This is an easy opinion to harbor when you speak a language whose future is
pretty much secure.

Imagine if you woke up one day and you were the last person who knew a word of
English. All the English-language music you've ever heard, all the books and
movies, etc., are now totally incomprehensible to everyone you'll ever meet.
All copies of them, and indeed, all English text except for whatever's in your
pockets, is gone. All the place names you know are removed from the map. All
English words borrowed by other languages are gone. Every native English
speaker (aside from you) has disappeared, and their very names are
unpronounceable to the world's remaining population. Maybe even the Latin
alphabet is gone.

You get to keep all your memories, but naturally nobody shares them or has
reason to believe they actually happened. Most people don't care to hear about
them. If they do, they see them as a curiosity, a museum piece to be put in a
display case, not something with the slightest relevance to their own lives.
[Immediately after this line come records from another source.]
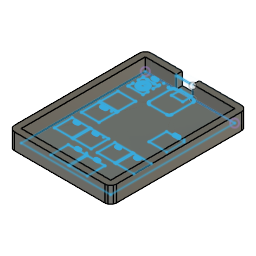
case housing (Autodesk Fusion 360 design; units mm, degrees)
part number: 2026-08-13-11-53-39-217
Autodesk Fusion 360 part; units mm, degrees
(part 1 of 10)
sketch "controller-Edge_Cuts" plane through (0, 0, 3) normal (0, 0, 1) x (1, 0, 0)
  line L0 (34.5096, 49.5231) -> (34.5231, 49.5096)
  line L1 (34.5231, 49.5096) -> (34.525, 49.5)
  line L2 (34.525, 49.5) -> (34.525, -49)
  line L3 (34.525, -49) -> (34.5231, -49.0096)
  line L4 (34.5231, -49.0096) -> (34.5096, -49.0231)
  line L5 (34.5096, -49.0231) -> (34.5, -49.025)
  line L6 (34.5, -49.025) -> (-36.5, -49.025)
  line L7 (-36.5, -49.025) -> (-36.5096, -49.0231)
  line L8 (-36.5096, -49.0231) -> (-36.5231, -49.0096)
  line L9 (-36.5231, -49.0096) -> (-36.525, -49)
  line L10 (-36.525, -49) -> (-36.525, 49.5)
  line L11 (-36.525, 49.5) -> (-36.5231, 49.5096)
  line L12 (-36.5231, 49.5096) -> (-36.5096, 49.5231)
  line L13 (-36.5096, 49.5231) -> (-36.5, 49.525)
  line L14 (-36.5, 49.525) -> (34.5, 49.525)
  line L15 (34.5, 49.525) -> (34.5096, 49.5231)
  line L16 (-36.475, 49.475) -> (-36.475, -48.975)
  line L17 (-36.475, -48.975) -> (34.475, -48.975)
  line L18 (34.475, -48.975) -> (34.475, 49.475)
  line L19 (34.475, 49.475) -> (-36.475, 49.475)
  line L20 (-41.1311, 51.9726) -> (-38.9726, 54.1311)
  line L21 (-38.9726, 54.1311) -> (-36.9925, 54.525)
  line L22 (-36.9925, 54.525) -> (34.9925, 54.525)
  line L23 (34.9925, 54.525) -> (36.9726, 54.1311)
  line L24 (36.9726, 54.1311) -> (39.1311, 51.9726)
  line L25 (39.1311, 51.9726) -> (39.525, 49.9925)
  line L26 (39.525, 49.9925) -> (39.525, -49.4925)
  line L27 (39.525, -49.4925) -> (39.1311, -51.4726)
  line L28 (39.1311, -51.4726) -> (36.9726, -53.6311)
  line L29 (36.9726, -53.6311) -> (34.9925, -54.025)
  line L30 (34.9925, -54.025) -> (-36.9925, -54.025)
  line L31 (-36.9925, -54.025) -> (-38.9726, -53.6311)
  line L32 (-38.9726, -53.6311) -> (-41.1311, -51.4726)
  line L33 (-41.1311, -51.4726) -> (-41.525, -49.4925)
  line L34 (-41.525, -49.4925) -> (-41.525, 49.9925)
  line L35 (-41.525, 49.9925) -> (-41.1311, 51.9726)
  dimension "d53" = -5
extrude "Extrude15" add sketch "controller-Edge_Cuts" along normal blind 3 contours L16 L17 L18 L19 makes body 1
extrude "Extrude16" add sketch "controller-Edge_Cuts" along normal blind 13 separate body contours L20 L21 L22 L23 L24 L25 L26 L27 L28 L29 L30 L31 L32 L33 L34 L35 makes body 2
sketch "controller-F_Silkscreen" plane through (0, 0, 6) normal (0, 0, 1) x (1, 0, 0)
  line L0 (-2.662, -31.4596) -> (-2.6296, -31.492)
  line L1 (-2.6296, -31.492) -> (-2.625, -31.515)
  line L2 (-2.625, -31.515) -> (-2.625, -45.485)
  line L3 (-2.625, -45.485) -> (-2.6296, -45.508)
  line L4 (-2.6296, -45.508) -> (-2.662, -45.5404)
  line L5 (-2.662, -45.5404) -> (-2.685, -45.545)
  line L6 (-2.685, -45.545) -> (-16.655, -45.545)
  line L7 (-16.655, -45.545) -> (-16.678, -45.5404)
  line L8 (-16.678, -45.5404) -> (-16.7104, -45.508)
  line L9 (-16.7104, -45.508) -> (-16.715, -45.485)
  line L10 (-16.715, -45.485) -> (-16.715, -31.515)
  line L11 (-16.715, -31.515) -> (-16.7104, -31.492)
  line L12 (-16.7104, -31.492) -> (-16.678, -31.4596)
  line L13 (-16.678, -31.4596) -> (-16.655, -31.455)
  line L14 (-16.655, -31.455) -> (-2.685, -31.455)
  line L15 (-2.685, -31.455) -> (-2.662, -31.4596)
  line L16 (-16.595, -31.575) -> (-16.595, -45.425)
  line L17 (-16.595, -45.425) -> (-2.745, -45.425)
  line L18 (-2.745, -45.425) -> (-2.745, -31.575)
  line L19 (-2.745, -31.575) -> (-16.595, -31.575)
  line L20 (12.428, -31.4596) -> (12.4604, -31.492)
  line L21 (12.4604, -31.492) -> (12.465, -31.515)
  line L22 (12.465, -31.515) -> (12.465, -45.485)
  line L23 (12.465, -45.485) -> (12.4604, -45.508)
  line L24 (12.4604, -45.508) -> (12.428, -45.5404)
  line L25 (12.428, -45.5404) -> (12.405, -45.545)
  line L26 (12.405, -45.545) -> (-1.565, -45.545)
  line L27 (-1.565, -45.545) -> (-1.588, -45.5404)
  line L28 (-1.588, -45.5404) -> (-1.6204, -45.508)
  line L29 (-1.6204, -45.508) -> (-1.625, -45.485)
  line L30 (-1.625, -45.485) -> (-1.625, -31.515)
  line L31 (-1.625, -31.515) -> (-1.6204, -31.492)
  line L32 (-1.6204, -31.492) -> (-1.588, -31.4596)
  line L33 (-1.588, -31.4596) -> (-1.565, -31.455)
  line L34 (-1.565, -31.455) -> (12.405, -31.455)
  line L35 (12.405, -31.455) -> (12.428, -31.4596)
  line L36 (-1.505, -31.575) -> (-1.505, -45.425)
  line L37 (-1.505, -45.425) -> (12.345, -45.425)
  line L38 (12.345, -45.425) -> (12.345, -31.575)
  line L39 (12.345, -31.575) -> (-1.505, -31.575)
  line L40 (-10.5674, -30.0065) -> (-10.5654, -30.0064)
  line L41 (-10.5654, -30.0064) -> (-10.5628, -30.007)
  line L42 (-10.5628, -30.007) -> (-10.5601, -30.0073)
  line L43 (-10.5601, -30.0073) -> (-10.5583, -30.008)
  line L44 (-10.5583, -30.008) -> (-10.551, -30.0097)
  line L45 (-10.551, -30.0097) -> (-10.4082, -30.0573)
  line L46 (-10.4082, -30.0573) -> (-10.3948, -30.0633)
  line L47 (-10.3948, -30.0633) -> (-10.3727, -30.0825)
  line L48 (-10.3727, -30.0825) -> (-10.3596, -30.1086)
  line L49 (-10.3596, -30.1086) -> (-10.3575, -30.1378)
  line L50 (-10.3575, -30.1378) -> (-10.3667, -30.1656)
  line L51 (-10.3667, -30.1656) -> (-10.3859, -30.1877)
  line L52 (-10.3859, -30.1877) -> (-10.4121, -30.2008)
  line L53 (-10.4121, -30.2008) -> (-10.4413, -30.2028)
  line L54 (-10.4413, -30.2028) -> (-10.4556, -30.1996)
  line L55 (-10.4556, -30.1996) -> (-10.5869, -30.1558)
  line L56 (-10.5869, -30.1558) -> (-10.7952, -30.1558)
  line L57 (-10.7952, -30.1558) -> (-10.8637, -30.1901)
  line L58 (-10.8637, -30.1901) -> (-10.8941, -30.2205)
  line L59 (-10.8941, -30.2205) -> (-10.9283, -30.289)
  line L60 (-10.9283, -30.289) -> (-10.9283, -30.3488)
  line L61 (-10.9283, -30.3488) -> (-10.8941, -30.4173)
  line L62 (-10.8941, -30.4173) -> (-10.8637, -30.4478)
  line L63 (-10.8637, -30.4478) -> (-10.7867, -30.4862)
  line L64 (-10.7867, -30.4862) -> (-10.6042, -30.5319)
  line L65 (-10.6042, -30.5319) -> (-10.6031, -30.5323)
  line L66 (-10.6031, -30.5323) -> (-10.6026, -30.5323)
  line L67 (-10.6026, -30.5323) -> (-10.5965, -30.5346)
  line L68 (-10.5965, -30.5346) -> (-10.5903, -30.5368)
  line L69 (-10.5903, -30.5368) -> (-10.5899, -30.5371)
  line L70 (-10.5899, -30.5371) -> (-10.5888, -30.5375)
  line L71 (-10.5888, -30.5375) -> (-10.4936, -30.5852)
  line L72 (-10.4936, -30.5852) -> (-10.4873, -30.5891)
  line L73 (-10.4873, -30.5891) -> (-10.4855, -30.5899)
  line L74 (-10.4855, -30.5899) -> (-10.4834, -30.5916)
  line L75 (-10.4834, -30.5916) -> (-10.4812, -30.593)
  line L76 (-10.4812, -30.593) -> (-10.4799, -30.5945)
  line L77 (-10.4799, -30.5945) -> (-10.4741, -30.5992)
  line L78 (-10.4741, -30.5992) -> (-10.4265, -30.6468)
  line L79 (-10.4265, -30.6468) -> (-10.4218, -30.6526)
  line L80 (-10.4218, -30.6526) -> (-10.4203, -30.6539)
  line L81 (-10.4203, -30.6539) -> (-10.4189, -30.6561)
  line L82 (-10.4189, -30.6561) -> (-10.4172, -30.6582)
  line L83 (-10.4172, -30.6582) -> (-10.4164, -30.66)
  line L84 (-10.4164, -30.66) -> (-10.4124, -30.6663)
  line L85 (-10.4124, -30.6663) -> (-10.3648, -30.7616)
  line L86 (-10.3648, -30.7616) -> (-10.3596, -30.7753)
  line L87 (-10.3596, -30.7753) -> (-10.3594, -30.778)
  line L88 (-10.3594, -30.778) -> (-10.3583, -30.7805)
  line L89 (-10.3583, -30.7805) -> (-10.3569, -30.7951)
  line L90 (-10.3569, -30.7951) -> (-10.3569, -30.8903)
  line L91 (-10.3569, -30.8903) -> (-10.3583, -30.905)
  line L92 (-10.3583, -30.905) -> (-10.3594, -30.9075)
  line L93 (-10.3594, -30.9075) -> (-10.3596, -30.9102)
  line L94 (-10.3596, -30.9102) -> (-10.3648, -30.9239)
  line L95 (-10.3648, -30.9239) -> (-10.4124, -31.0191)
  line L96 (-10.4124, -31.0191) -> (-10.4164, -31.0254)
  line L97 (-10.4164, -31.0254) -> (-10.4172, -31.0272)
  line L98 (-10.4172, -31.0272) -> (-10.4189, -31.0293)
  line L99 (-10.4189, -31.0293) -> (-10.4203, -31.0316)
  line L100 (-10.4203, -31.0316) -> (-10.4218, -31.0329)
  line L101 (-10.4218, -31.0329) -> (-10.4265, -31.0386)
  line L102 (-10.4265, -31.0386) -> (-10.4741, -31.0862)
  line L103 (-10.4741, -31.0862) -> (-10.4799, -31.0909)
  line L104 (-10.4799, -31.0909) -> (-10.4812, -31.0924)
  line L105 (-10.4812, -31.0924) -> (-10.4834, -31.0939)
  line L106 (-10.4834, -31.0939) -> (-10.4855, -31.0956)
  line L107 (-10.4855, -31.0956) -> (-10.4873, -31.0963)
  line L108 (-10.4873, -31.0963) -> (-10.4936, -31.1003)
  line L109 (-10.4936, -31.1003) -> (-10.5888, -31.1479)
  line L110 (-10.5888, -31.1479) -> (-10.6026, -31.1532)
  line L111 (-10.6026, -31.1532) -> (-10.6053, -31.1533)
  line L112 (-10.6053, -31.1533) -> (-10.6077, -31.1544)
  line L113 (-10.6077, -31.1544) -> (-10.6224, -31.1558)
  line L114 (-10.6224, -31.1558) -> (-10.8605, -31.1558)
  line L115 (-10.8605, -31.1558) -> (-10.8679, -31.1551)
  line L116 (-10.8679, -31.1551) -> (-10.8699, -31.1552)
  line L117 (-10.8699, -31.1552) -> (-10.8725, -31.1546)
  line L118 (-10.8725, -31.1546) -> (-10.8751, -31.1544)
  line L119 (-10.8751, -31.1544) -> (-10.8769, -31.1536)
  line L120 (-10.8769, -31.1536) -> (-10.8842, -31.152)
  line L121 (-10.8842, -31.152) -> (-11.0271, -31.1044)
  line L122 (-11.0271, -31.1044) -> (-11.0405, -31.0984)
  line L123 (-11.0405, -31.0984) -> (-11.0626, -31.0792)
  line L124 (-11.0626, -31.0792) -> (-11.0757, -31.053)
  line L125 (-11.0757, -31.053) -> (-11.0777, -31.0238)
  line L126 (-11.0777, -31.0238) -> (-11.0685, -30.9961)
  line L127 (-11.0685, -30.9961) -> (-11.0493, -30.974)
  line L128 (-11.0493, -30.974) -> (-11.0231, -30.9609)
  line L129 (-11.0231, -30.9609) -> (-10.994, -30.9588)
  line L130 (-10.994, -30.9588) -> (-10.9796, -30.962)
  line L131 (-10.9796, -30.962) -> (-10.8483, -31.0058)
  line L132 (-10.8483, -31.0058) -> (-10.6401, -31.0058)
  line L133 (-10.6401, -31.0058) -> (-10.5716, -30.9716)
  line L134 (-10.5716, -30.9716) -> (-10.5412, -30.9412)
  line L135 (-10.5412, -30.9412) -> (-10.5069, -30.8726)
  line L136 (-10.5069, -30.8726) -> (-10.5069, -30.8128)
  line L137 (-10.5069, -30.8128) -> (-10.5412, -30.7443)
  line L138 (-10.5412, -30.7443) -> (-10.5716, -30.7139)
  line L139 (-10.5716, -30.7139) -> (-10.6486, -30.6754)
  line L140 (-10.6486, -30.6754) -> (-10.831, -30.6298)
  line L141 (-10.831, -30.6298) -> (-10.8321, -30.6294)
  line L142 (-10.8321, -30.6294) -> (-10.8327, -30.6293)
  line L143 (-10.8327, -30.6293) -> (-10.8388, -30.627)
  line L144 (-10.8388, -30.627) -> (-10.8449, -30.6248)
  line L145 (-10.8449, -30.6248) -> (-10.8453, -30.6245)
  line L146 (-10.8453, -30.6245) -> (-10.8464, -30.6241)
  line L147 (-10.8464, -30.6241) -> (-10.9416, -30.5765)
  line L148 (-10.9416, -30.5765) -> (-10.9479, -30.5725)
  line L149 (-10.9479, -30.5725) -> (-10.9498, -30.5717)
  line L150 (-10.9498, -30.5717) -> (-10.9518, -30.5701)
  line L151 (-10.9518, -30.5701) -> (-10.9541, -30.5686)
  line L152 (-10.9541, -30.5686) -> (-10.9554, -30.5671)
  line L153 (-10.9554, -30.5671) -> (-10.9611, -30.5624)
  line L154 (-10.9611, -30.5624) -> (-11.0087, -30.5148)
  line L155 (-11.0087, -30.5148) -> (-11.0135, -30.5091)
  line L156 (-11.0135, -30.5091) -> (-11.015, -30.5078)
  line L157 (-11.015, -30.5078) -> (-11.0164, -30.5055)
  line L158 (-11.0164, -30.5055) -> (-11.0181, -30.5034)
  line L159 (-11.0181, -30.5034) -> (-11.0188, -30.5016)
  line L160 (-11.0188, -30.5016) -> (-11.0228, -30.4953)
  line L161 (-11.0228, -30.4953) -> (-11.0704, -30.4001)
  line L162 (-11.0704, -30.4001) -> (-11.0757, -30.3863)
  line L163 (-11.0757, -30.3863) -> (-11.0759, -30.3837)
  line L164 (-11.0759, -30.3837) -> (-11.0769, -30.3812)
  line L165 (-11.0769, -30.3812) -> (-11.0783, -30.3665)
  line L166 (-11.0783, -30.3665) -> (-11.0783, -30.2713)
  line L167 (-11.0783, -30.2713) -> (-11.0769, -30.2567)
  line L168 (-11.0769, -30.2567) -> (-11.0759, -30.2542)
  line L169 (-11.0759, -30.2542) -> (-11.0757, -30.2515)
  line L170 (-11.0757, -30.2515) -> (-11.0704, -30.2378)
  line L171 (-11.0704, -30.2378) -> (-11.0228, -30.1425)
  line L172 (-11.0228, -30.1425) -> (-11.0188, -30.1362)
  line L173 (-11.0188, -30.1362) -> (-11.0181, -30.1344)
  line L174 (-11.0181, -30.1344) -> (-11.0164, -30.1323)
  line L175 (-11.0164, -30.1323) -> (-11.015, -30.1301)
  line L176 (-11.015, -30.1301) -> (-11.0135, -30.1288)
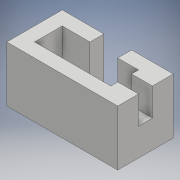
# Autodesk Inventor part: P3-3
Saved by Autodesk Inventor 2017 (Build 210142000, 142)
## iProperties
Created: 2017-02-10
Part Number: P3-3
Material: Generic
Document SubType Name: Modeling
Designer: Schaffel
Density: 1 g/cm^3
Appearance: Default
Author: Schaffel
Autodesk Inventor part; units mm, degrees
ref_plane "YZ Plane" through (0, 0, 0) normal (1, 0, 0) x (0, 1, 0)
ref_plane "XZ Plane" through (0, 0, 0) normal (0, 1, 0) x (-1, 0, 0)
ref_plane "XY Plane" through (0, 0, 0) normal (0, 0, 1) x (1, 0, 0)
sketch "Sketch1" plane through (0, 0, 0) normal (0, 0, 1) x (1, 0, 0)
  line L0 (0, 0) -> (80, 0)
  line L1 (80, 0) -> (80, 40)
  line L2 (80, 40) -> (50, 40)
  line L3 (50, 40) -> (50, 30)
  line L4 (50, 30) -> (65, 30)
  line L5 (65, 30) -> (65, 10)
  line L6 (65, 10) -> (10, 10)
  line L7 (10, 10) -> (10, 30)
  line L8 (10, 30) -> (30, 30)
  line L9 (30, 30) -> (30, 40)
  line L10 (30, 40) -> (0, 40)
  line L11 (0, 40) -> (0, 0)
  dimension "d0" = 80
  dimension "d1" = 40
  dimension "d2" = 30
  constraints: 24 end point, 10 perpendicular, 2 point on line, 1 horizontal
  measures "d0" distance of L0.start L0.end
  measures "d1" distance of L0.end L1.end
  measures "d2" distance of L1.end L2.end
extrude "Extrusion1" add sketch "Sketch1" along normal blind 20
sketch "Sketch2" plane through (0, 0, 20) normal (0, 0, 1) x (1, 0, 0)
  line L0 (30, 30) -> (30, 40) projected
  line L1 (30, 30) -> (30, 40)
  line L2 (30, 40) -> (0, 40) projected
  line L3 (30, 40) -> (0, 40)
  line L4 (0, 40) -> (0, 0) projected
  line L5 (0, 40) -> (0, 0)
  line L6 (0, 0) -> (80, 0)
  line L7 (80, 0) -> (80, 15)
  line L8 (80, 0) -> (80, 40) projected
  line L9 (80, 15) -> (65, 15)
  line L10 (65, 10) -> (10, 10) projected
  line L11 (65, 15) -> (65, 10)
  line L12 (65, 10) -> (10, 10)
  line L13 (10, 10) -> (10, 30)
  line L14 (10, 30) -> (30, 30) projected
  line L15 (10, 30) -> (30, 30)
  line L16 (80, 40) -> (50, 40) projected
  line L17 (50, 40) -> (50, 30) projected
  line L18 (50, 40) -> (50, 30)
  line L19 (50, 30) -> (65, 30) projected
  line L20 (50, 30) -> (65, 30)
  line L21 (65, 30) -> (65, 25)
  line L22 (65, 30) -> (65, 10) projected
  line L23 (65, 25) -> (80, 25)
  line L24 (80, 25) -> (80, 40)
  line L25 (50, 40) -> (80, 40)
  constraints: 32 end point, 8 collinear, 5 perpendicular, 3 point on line, 1 horizontal
extrude "Extrusion2" add sketch "Sketch2" along normal blind 20 contours L14 L13 L10 L11 L9 L7 L6 L4 L2 L0 | L21 L19 L17 L16 L8 L23
body "Solid1"

You can't even tell English-language jokes anymore. They aren't funny in
translation.

Of course this leaves you isolated. And of course there's a solution anyone
can offer you: Forget about English. Adopt a whole new life where you're a
normal person who speaks a normal language that other normal people
understand. Your identity as an English speaker is entertaining for about five
minutes, but ultimately an inconvenience to society. Hurry up and let it go.

If this sounds harsher than what you were trying to say, perhaps you've
underestimated what a language is to the people who speak it. It's more than
just a list of words.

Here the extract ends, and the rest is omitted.